Christian grinned up to her. “You are a saint, Morgan,” announced the red-head, a twinkle in his eye.

“Sure, and you get the next round,” she joked merrily, pushing her long, jet black hair back from her face with one hand. The men were still wearing their guard uniforms, having come right from watch duty to join in the festivities. Morgan knew Lady Donna’s keep was well enough protected – there were plenty of guards still left on the walls. Her friends deserved some time off. It was harvest, after all. A season to relax, to have some fun.

She rolled her head, loosening the ache from her shoulders and neck, taking another long draw on her ale as the chaos of the place washed over her with comfortable familiarity. The pub was normally ample for its patrons, but tonight it was overflowing with the crowd, both with the farmers celebrating their crops and the soldiers in from London. It made for a tightly-packed night.

“And just why are those outsiders here?” she asked Christian, looking over at the soldiers. She’d grown up in Shamley Green, knew every man, woman, and child here. The trio of well-built men stood out like hawks in a flock of sparrows.

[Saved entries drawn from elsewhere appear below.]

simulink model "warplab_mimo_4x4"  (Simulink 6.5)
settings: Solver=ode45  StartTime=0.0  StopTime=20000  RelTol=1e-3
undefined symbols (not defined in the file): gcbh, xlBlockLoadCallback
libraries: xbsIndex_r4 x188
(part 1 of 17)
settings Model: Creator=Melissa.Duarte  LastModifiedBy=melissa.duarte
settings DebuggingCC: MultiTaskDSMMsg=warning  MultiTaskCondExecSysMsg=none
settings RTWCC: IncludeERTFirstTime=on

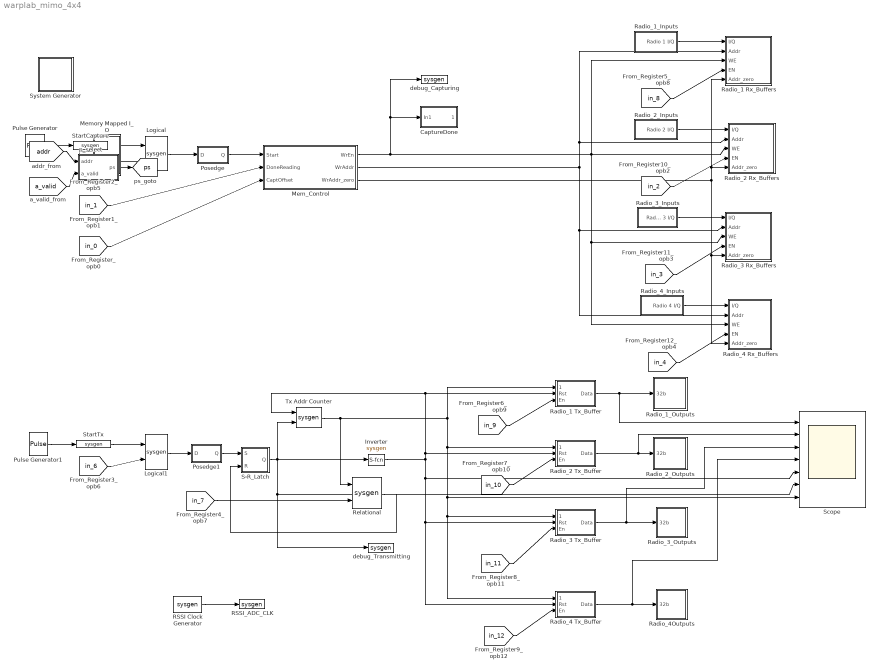
== system warplab_mimo_4x4 ==
  " System Generator" : Subsystem  Tag=genX  mask(Xilinx System Generator Block){infoedit=System Generator, xilinxfamily=virtex2p, part=xc2vp70, speed=-6, package=ff1517, synthesis_tool_sgadvanced=, synthesis_tool=XST, directory=./OPB_Export, testbench_sgadvanced=, testbench=off, simulink_period=1, sysclk_period=10, incr_netlist_sgadvanced=, incr_netlist=off, trim_vbits_sgadvanced=, trim_vbits=Everywhere in SubSystem, dbl_ovrd_sgadvanced=, dbl_ovrd=According to Block Masks, core_generation_sgadvanced=, core_generation=According to Block Masks, run_coregen_sgadvanced=, run_coregen=off, deprecated_control_sgadvanced=, deprecated_control=off, eval_field=0, has_advanced_control=0, sggui_pos=-1,-1,-1,-1, block_type=sysgen, block_version=8.2, sg_icon_stat=51,50,-1,-1,red,beige,0,07734, sg_mask_display=|, sg_list_contents=, sg_blockgui_xml=|}
      mask sg_mask_display=|
      | fprintf('','COMMENT: begin icon graphics');
      | patch([0 51 51 0 ],[0 0 50 50 ],[0.93 0.92 0.86]);
      | patch([12 4 16 4 12 25 29 33 47 36 25 17 29 17 25 36 47 33 29 25 12 ],[5 13 25 37 45 45 41 45 45 34 45 37 25 13 5 16 5 5 9 5 5 ],[0.6 0.2 0.25]);
      | plot([0 0 51 51 0 ],[0 50 50 0 0 ]);
      | fprintf('','COMMENT: end icon graphics');
      | fprintf('','COMMENT: begin icon text');
      | fprintf('','COMMENT: end icon text');
      mask sg_blockgui_xml=|
      | <!--  *  Copyright (c) 2005, Xilinx, Inc.  All Rights Reserved.            --><!--  *  Reproduction or reuse, in any form, without the explicit written  --><!--  *  consent of Xilinx, Inc., is strictly prohibited.                  --><sysgenblock has_userdata="true" tag="genX" block_type="sysgen" simulinkname=" System Generator" >
      |  <icon width="51" bg_color="beige" height="50" caption_format="System\nGenerator" wmark_color="red" />
      |  <callbacks DeleteFcn="xlSysgenGUI('delete', gcs, gcbh);" OpenFcn="xlSysgenGUI('startup',gcs,gcbh)" ModelCloseFcn="xlSysgenGUI('Close',gcs,gcbh)" PostSaveFcn="xlSysgenGUI('Save')" />
      |  <libraries>
      |   <library name="xbsIndex" />
      |   <library name="xbsBasic" />
      |   <library name="xbsTools" />
      |  </libraries>
      |  <subsystem_model file="system_generator_subsystem.mdl" />
      |  <blockgui label="Xilinx System Generator" >
      |   <editbox evaluate="false" multi_line="true" name="infoedit" read_only="true" default=" System Generator" />
      |   <editbox evaluate="false" name="xilinxfamily" default="Virtex4" label="Xilinx family" />
      |   <editbox evaluate="false" name="part" default="xc4vsx35" label="Part" />
      |   <editbox evaluate="false" name="speed" default="-10" label="Speed" />
      |   <editbox evaluate="false" name="package" default="ff668" label="Package" />
      |   <listbox evaluate="true" name="synthesis_tool" default="XST" label="Synthesis tool" >
      |    <item value="Spectrum" />
      |    <item value="Synplify" />
      |    <item value="Synplify Pro" />
      |    <item value="XST" />
      |    <item value="Precision" />
      |   </listbox>
      |   <editbox evaluate="false" name="directory" default="./netlist" label="Target directory" />
      |   <checkbox evaluate="true" name="testbench" default="off" label="Testbench" />
      |   <editbox evaluate="true" name="simulink_period" default="1" label="Simulink period" />
      |   <editbox evaluate="true" name="sysclk_period" default="10" label="System clock period" />
      |   <checkbox evaluate="true" name="incr_netlist" default="off" label="Incremental netlisting" />
      |   <listbox evaluate="true" name="trim_vbits" default="Everywhere in SubSystem" label="Trim valid bits" >
      |    <item value="According to Block Masks" />
      |    <item value="Everywhere in SubSystem" />
      |    <item value="No Where in SubSystem" />
      |   </listbox>
      |   <listbox evaluate="true" name="dbl_ovrd" default="According to Block Masks" label="Override with doubles" >
      |    <item value="According to Block Masks" />
      |    <item value="Everywhere in SubSystem" />
      |    <item value="No Where in SubSystem" />
      |   </listbox>
      |   <listbox evaluate="true" name="core_generation" default="According to Block Masks" label="Generate cores" >
      |    <item value="According to Block Masks" />
      |    <item value="Everywhere Available" />
      |    <item value="Not Needed - Already Generated" />
      |   </listbox>
      |   <checkbox evaluate="true" name="run_coregen" default="off" label="Run CoreGen" />
      |   <checkbox evaluate="true" name="deprecated_control" default="off" label="Show deprecated controls" />
      |   <hiddenvar evaluate="true" name="eval_field" default="0" />
      |  </blockgui>
      | </sysgenblock>
      mask prompts: infoedit ""; xilinxfamily "Xilinx family"; synthesis_tool_sgadvanced ""; synthesis_tool "Synthesis tool"; directory "Target directory"; testbench_sgadvanced ""; simulink_period "Simulink period"; sysclk_period "System clock period"; incr_netlist_sgadvanced ""; incr_netlist "Incremental netlisting"; trim_vbits_sgadvanced ""; trim_vbits "Trim valid bits"; dbl_ovrd_sgadvanced ""; dbl_ovrd "Override with doubles"; core_generation_sgadvanced ""; core_generation "Generate cores"; run_coregen_sgadvanced ""; run_coregen "Run CoreGen"; deprecated_control_sgadvanced ""; deprecated_control "Show deprecated controls"; eval_field ""; has_advanced_control ""; sggui_pos ""; block_type ""; block_version ""; sg_icon_stat ""; sg_mask_display ""; sg_list_contents ""; sg_blockgui_xml ""
      mask help: System Generator
      mask init:
      | try
      |   tmp_gcb = gcb;
      |   tmp_gcbh = gcbh;
      |   xlMungeMaskParams;
      |   serialized_declarations = '{}';
      |   ptable_ = xlblockprep(get_param(tmp_gcb, 'MaskWSVariables'));
      | catch
      |   global dbgsysgen;
      |   if(~isempty(dbgsysgen) && dbgsysgen)
      |     e = regexprep(lasterr, '\n', '\nError: ');
      |     disp(['Error: While running MaskInit code on block ' tmp_gcb ': ' e]);
      |     error(e);
      |   end
      | end
      settings: AttributesFormatString=System\nGenerator  CopyFcn=xlBlockMoveCallback(gcbh);  DeleteFcn=xlSysgenGUI('delete', gcs, gcbh);  ModelCloseFcn=xlSysgenGUI('Close',gcs,gcbh)  PostSaveFcn=xlSysgenGUI('Save')  OpenFcn=xlSysgenGUI('startup',gcs,gcbh)  MoveFcn=xlBlockMoveCallback(gcbh);
      mask Help: eval('xlWeb(xlhtmldoclink('' System Generator''))');
      mask StyleString: edit,edit,edit,edit,edit,edit,popup(Spectrum|Synplify|Synplify Pro|XST|Precision),edit,edit,checkbox,edit,edit,edit,checkbox,edit,popup(According to Block Masks|Everywhere in SubSystem|No Where in SubSystem),edit,popup(According to Block Masks|Everywhere in SubSystem|No Where in SubSystem),edit,popup(According to Block Masks|Everywhere Available|Not Needed - Already Generated),edit,checkbox,edit,checkbox,edit,edit,edit,edit,edit,edit,edit,edit,edit
      mask Display:
      | fprintf('','COMMENT: begin icon graphics');
      | patch([0 51 51 0 ],[0 0 50 50 ],[0.93 0.92 0.86]);
      | patch([12 4 16 4 12 25 29 33 47 36 25 17 29 17 25 36 47 33 29 25 12 ],[5 13 25 37 45 45 41 45 45 34 45 37 25 13 5 16 5 5 9 5 5 ],[0.6 0.2 0.25]);
      | plot([0 0 51 51 0 ],[0 50 50 0 0 ]);
      | fprintf('','COMMENT: end icon graphics');
      | fprintf('','COMMENT: begin icon text');
      | fprintf('','COMMENT: end icon text');
  CaptureDone : Subsystem
  Inverter : S-Function  LoadFcn=xlBlockLoadCallback(gcbh);  FunctionName=sysgen  Parameters=ptable_  mask(Xilinx Inverter Block){infoedit=Bitwise logical negation (one's complement) operator., en_sgadvanced=, en=off, latency=0, dbl_ovrd_sgadvanced=, dbl_ovrd=off, xl_use_area_sgadvanced=, xl_use_area=off, xl_area=[0,0,0,0,0,0,0], has_advanced_control=0, sggui_pos=20,20,356,237, block_type=inv, block_version=8.2, sg_icon_stat=25,18,1,1,white,blue,0,1ab4a85f, sg_mask_display=|, sg_list_contents=, sg_blockgui_xml=}
      mask sg_mask_display=|
      | fprintf('','COMMENT: begin icon graphics');
      | patch([0 25 25 0 ],[0 0 18 18 ],[0.77 0.82 0.91]);
      | patch([8 5 9 5 8 13 14 15 20 16 12 9 13 9 12 16 20 15 14 13 8 ],[2 5 9 13 16 16 15 16 16 12 16 13 9 5 2 6 2 2 3 2 2 ],[0.98 0.96 0.92]);
      | plot([0 0 25 25 0 ],[0 18 18 0 0 ]);
      | fprintf('','COMMENT: end icon graphics');
      | fprintf('','COMMENT: begin icon text');
      | color('black');disp('not');
      | fprintf('','COMMENT: end icon text');
      mask prompts: infoedit ""; en_sgadvanced ""; en "Provide enable port"; dbl_ovrd_sgadvanced ""; dbl_ovrd "Override with doubles"; xl_use_area_sgadvanced ""; xl_use_area "Define FPGA area for resource estimation"; xl_area "FPGA area [slices, FFs, BRAMs, LUTs, IOBs, emb. mults, TBUFs]"; has_advanced_control ""; sggui_pos ""; block_type ""; block_version ""; sg_icon_stat ""; sg_mask_display ""; sg_list_contents ""; sg_blockgui_xml ""
      mask help: Bitwise logical negation (one's complement) operator.
      mask init:
      | try
      |   tmp_gcb = gcb;
      |   tmp_gcbh = gcbh;
      |   xlMungeMaskParams;
      |   block_config = 'sysgen_blockset:Inverter_config';
      |   serialized_declarations = '{''dbl_ovrd''=>''Int'',''en''=>''Int'',''latency''=>''Int''}';
      |   ptable_ = xlblockprep(get_param(tmp_gcb, 'MaskWSVariables'));
      | catch
      |   global dbgsysgen;
      |   if(~isempty(dbgsysgen) && dbgsysgen)
      |     e = regexprep(lasterr, '\n', '\nError: ');
      |     disp(['Error: While running MaskInit code on block ' tmp_gcb ': ' e]);
      |     error(e);
      |   end
      | end
      settings: CopyFcn=xlBlockMoveCallback(gcbh);  DeleteFcn=xlDestroyGui(gcbh);  ModelCloseFcn=xlDestroyGui(gcbh);  PreSaveFcn=xlBlockPreSaveCallback(gcbh);  PostSaveFcn=xlBlockPostSaveCallback(gcbh);  DestroyFcn=xlDestroyGui(gcbh);  OpenFcn=xlOpenGui(gcbh, 'inv_gui.xml', @xlmagicenablement, -1)  CloseFcn=xlDestroyGui(gcbh);  MoveFcn=xlBlockMoveCallback(gcbh);
      mask Help: eval('xlWeb(xlhtmldoclink(''Inverter''))');
      mask Display:
      | fprintf('','COMMENT: begin icon graphics');
      | patch([0 25 25 0 ],[0 0 18 18 ],[0.77 0.82 0.91]);
      | patch([8 5 9 5 8 13 14 15 20 16 12 9 13 9 12 16 20 15 14 13 8 ],[2 5 9 13 16 16 15 16 16 12 16 13 9 5 2 6 2 2 3 2 2 ],[0.98 0.96 0.92]);
      | plot([0 0 25 25 0 ],[0 18 18 0 0 ]);
      | fprintf('','COMMENT: end icon graphics');
      | fprintf('','COMMENT: begin icon text');
      | color('black');disp('not');
      | fprintf('','COMMENT: end icon text');
  Logical : S-Function  LoadFcn=xlBlockLoadCallback(gcbh);  FunctionName=sysgen  Parameters=ptable_  mask(Xilinx Logical Block Block){logical_function_sgadvanced=, logical_function=OR, inputs=2, en_sgadvanced=, en=off, latency=0, precision_sgadvanced=, precision=Full, arith_type_sgadvanced=, arith_type=Unsigned, n_bits=16, bin_pt=0, align_bp_sgadvanced=, align_bp=on, dbl_ovrd_sgadvanced=, dbl_ovrd=off, xl_use_area_sgadvanced=, xl_use_area=off, xl_area=[0,0,0,0,0,0,0], overflow=, quantization=, has_advanced_control=0, sggui_pos=-1,-1,-1,-1, block_type=logical, block_version=8.2, sg_icon_stat=35,55,2,1,white,blue,0,f4a65842, sg_mask_display=|, sg_list_contents=, sg_blockgui_xml=}
      mask sg_mask_display=|
      | fprintf('','COMMENT: begin icon graphics');
      | patch([0 35 35 0 ],[0 0 55 55 ],[0.77 0.82 0.91]);
      | patch([8 2 10 2 8 17 20 23 33 25 18 13 21 13 18 25 33 23 20 17 8 ],[14 20 28 36 42 42 39 42 42 34 41 36 28 20 15 22 14 14 17 14 14 ],[0.98 0.96 0.92]);
      | plot([0 0 35 35 0 ],[0 55 55 0 0 ]);
      | fprintf('','COMMENT: end icon graphics');
      | fprintf('','COMMENT: begin icon text');
      | color('black');disp('\newlineor\newlinez^{-0}','texmode','on');
      | fprintf('','COMMENT: end icon text');
      mask prompts: logical_function_sgadvanced ""; logical_function "Logical function"; inputs "Number of inputs"; en_sgadvanced ""; en "Provide enable port"; precision_sgadvanced ""; arith_type_sgadvanced ""; arith_type "Output Type"; n_bits "Number of bits"; bin_pt "Binary point"; align_bp_sgadvanced ""; align_bp "Align binary point"; dbl_ovrd_sgadvanced ""; dbl_ovrd "Override with doubles"; xl_use_area_sgadvanced ""; xl_use_area "Define FPGA area for resource estimation"; xl_area "FPGA area [slices, FFs, BRAMs, LUTs, IOBs, emb. mults, TBUFs]"; overflow ""; quantization ""; has_advanced_control ""; sggui_pos ""; block_type ""; block_version ""; sg_icon_stat ""; sg_mask_display ""; sg_list_contents ""; sg_blockgui_xml ""
      mask help: Xilinx Logical Block
      mask init:
      | try
      |   tmp_gcb = gcb;
      |   tmp_gcbh = gcbh;
      |   xlMungeMaskParams;
      |   block_config = 'sysgen_blockset:Logical_config';
      |   serialized_declarations = '{''arith_type''=>''Int'',''bin_pt''=>''Int'',''en''=>''Int'',''inputs''=>''Int'',''latency''=>''Int'',''logical_function''=>''Int'',''n_bits''=>''Int'',''precision''=>''Int'',''sim_engine''=>''Int'',''sysgen_root''=>''String''}';
      |   xllogical_init();
      |   ptable_ = xlblockprep(get_param(tmp_gcb, 'MaskWSVariables'));
      | catch
      |   global dbgsysgen;
      |   if(~isempty(dbgsysgen) && dbgsysgen)
      |     e = regexprep(lasterr, '\n', '\nError: ');
      |     disp(['Error: While running MaskInit code on block ' tmp_gcb ': ' e]);
      |     error(e);
      |   end
      | end
      settings: CopyFcn=xlBlockMoveCallback(gcbh);  DeleteFcn=xlDestroyGui(gcbh);  ModelCloseFcn=xlDestroyGui(gcbh);  PreSaveFcn=xlBlockPreSaveCallback(gcbh);  PostSaveFcn=xlBlockPostSaveCallback(gcbh);  DestroyFcn=xlDestroyGui(gcbh);  OpenFcn=xlOpenGui(gcbh, 'logical_gui.xml', @logicalenablement, -1)  CloseFcn=xlDestroyGui(gcbh);  MoveFcn=xlBlockMoveCallback(gcbh);
      mask Help: eval('xlWeb(xlhtmldoclink(''Logical''))');
      mask StyleString: edit,popup(AND|NAND|OR|NOR|XOR|XNOR),edit,edit,checkbox,edit,edit,popup(Full|User Defined),edit,popup(Signed  (2's comp)|Unsigned),edit,edit,edit,checkbox,edit,checkbox,edit,checkbox,edit,edit,edit,edit,edit,edit,edit,edit,edit,edit,edit
      mask Display:
      | fprintf('','COMMENT: begin icon graphics');
      | patch([0 35 35 0 ],[0 0 55 55 ],[0.77 0.82 0.91]);
      | patch([8 2 10 2 8 17 20 23 33 25 18 13 21 13 18 25 33 23 20 17 8 ],[14 20 28 36 42 42 39 42 42 34 41 36 28 20 15 22 14 14 17 14 14 ],[0.98 0.96 0.92]);
      | plot([0 0 35 35 0 ],[0 55 55 0 0 ]);
      | fprintf('','COMMENT: end icon graphics');
      | fprintf('','COMMENT: begin icon text');
      | color('black');disp('\newlineor\newlinez^{-0}','texmode','on');
      | fprintf('','COMMENT: end icon text');
  Logical1 : S-Function  LoadFcn=xlBlockLoadCallback(gcbh);  FunctionName=sysgen  Parameters=ptable_  mask(Xilinx Logical Block Block){logical_function_sgadvanced=, logical_function=OR, inputs=2, en_sgadvanced=, en=off, latency=0, precision_sgadvanced=, precision=Full, arith_type_sgadvanced=, arith_type=Unsigned, n_bits=16, bin_pt=0, align_bp_sgadvanced=, align_bp=on, dbl_ovrd_sgadvanced=, dbl_ovrd=off, xl_use_area_sgadvanced=, xl_use_area=off, xl_area=[0,0,0,0,0,0,0], overflow=, quantization=, has_advanced_control=0, sggui_pos=-1,-1,-1,-1, block_type=logical, block_version=8.2, sg_icon_stat=35,55,2,1,white,blue,0,f4a65842, sg_mask_display=|, sg_list_contents=, sg_blockgui_xml=}
      mask sg_mask_display=|
      | fprintf('','COMMENT: begin icon graphics');
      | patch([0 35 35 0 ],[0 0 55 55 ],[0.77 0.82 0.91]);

“Something about a funeral for a friend of theirs,” responded Christian, barely sparing a glance for the newcomers, his eyes warm on her face. “Felix said they should be in town for another few days, perhaps. They are staying down at the inn.”

“Was there bandit action in the area?” Morgan pressed, her interest sparking. Maybe she could talk with Lady Donna, get some time off from her bodyguard duties.

Christian was shaking his head, sending his red curls dancing. “Nothing so exciting,” he calmed his friend, his eyes twinkling. “Rumor has it that the man got on the wrong side of a loan shark and was put out of his misery.”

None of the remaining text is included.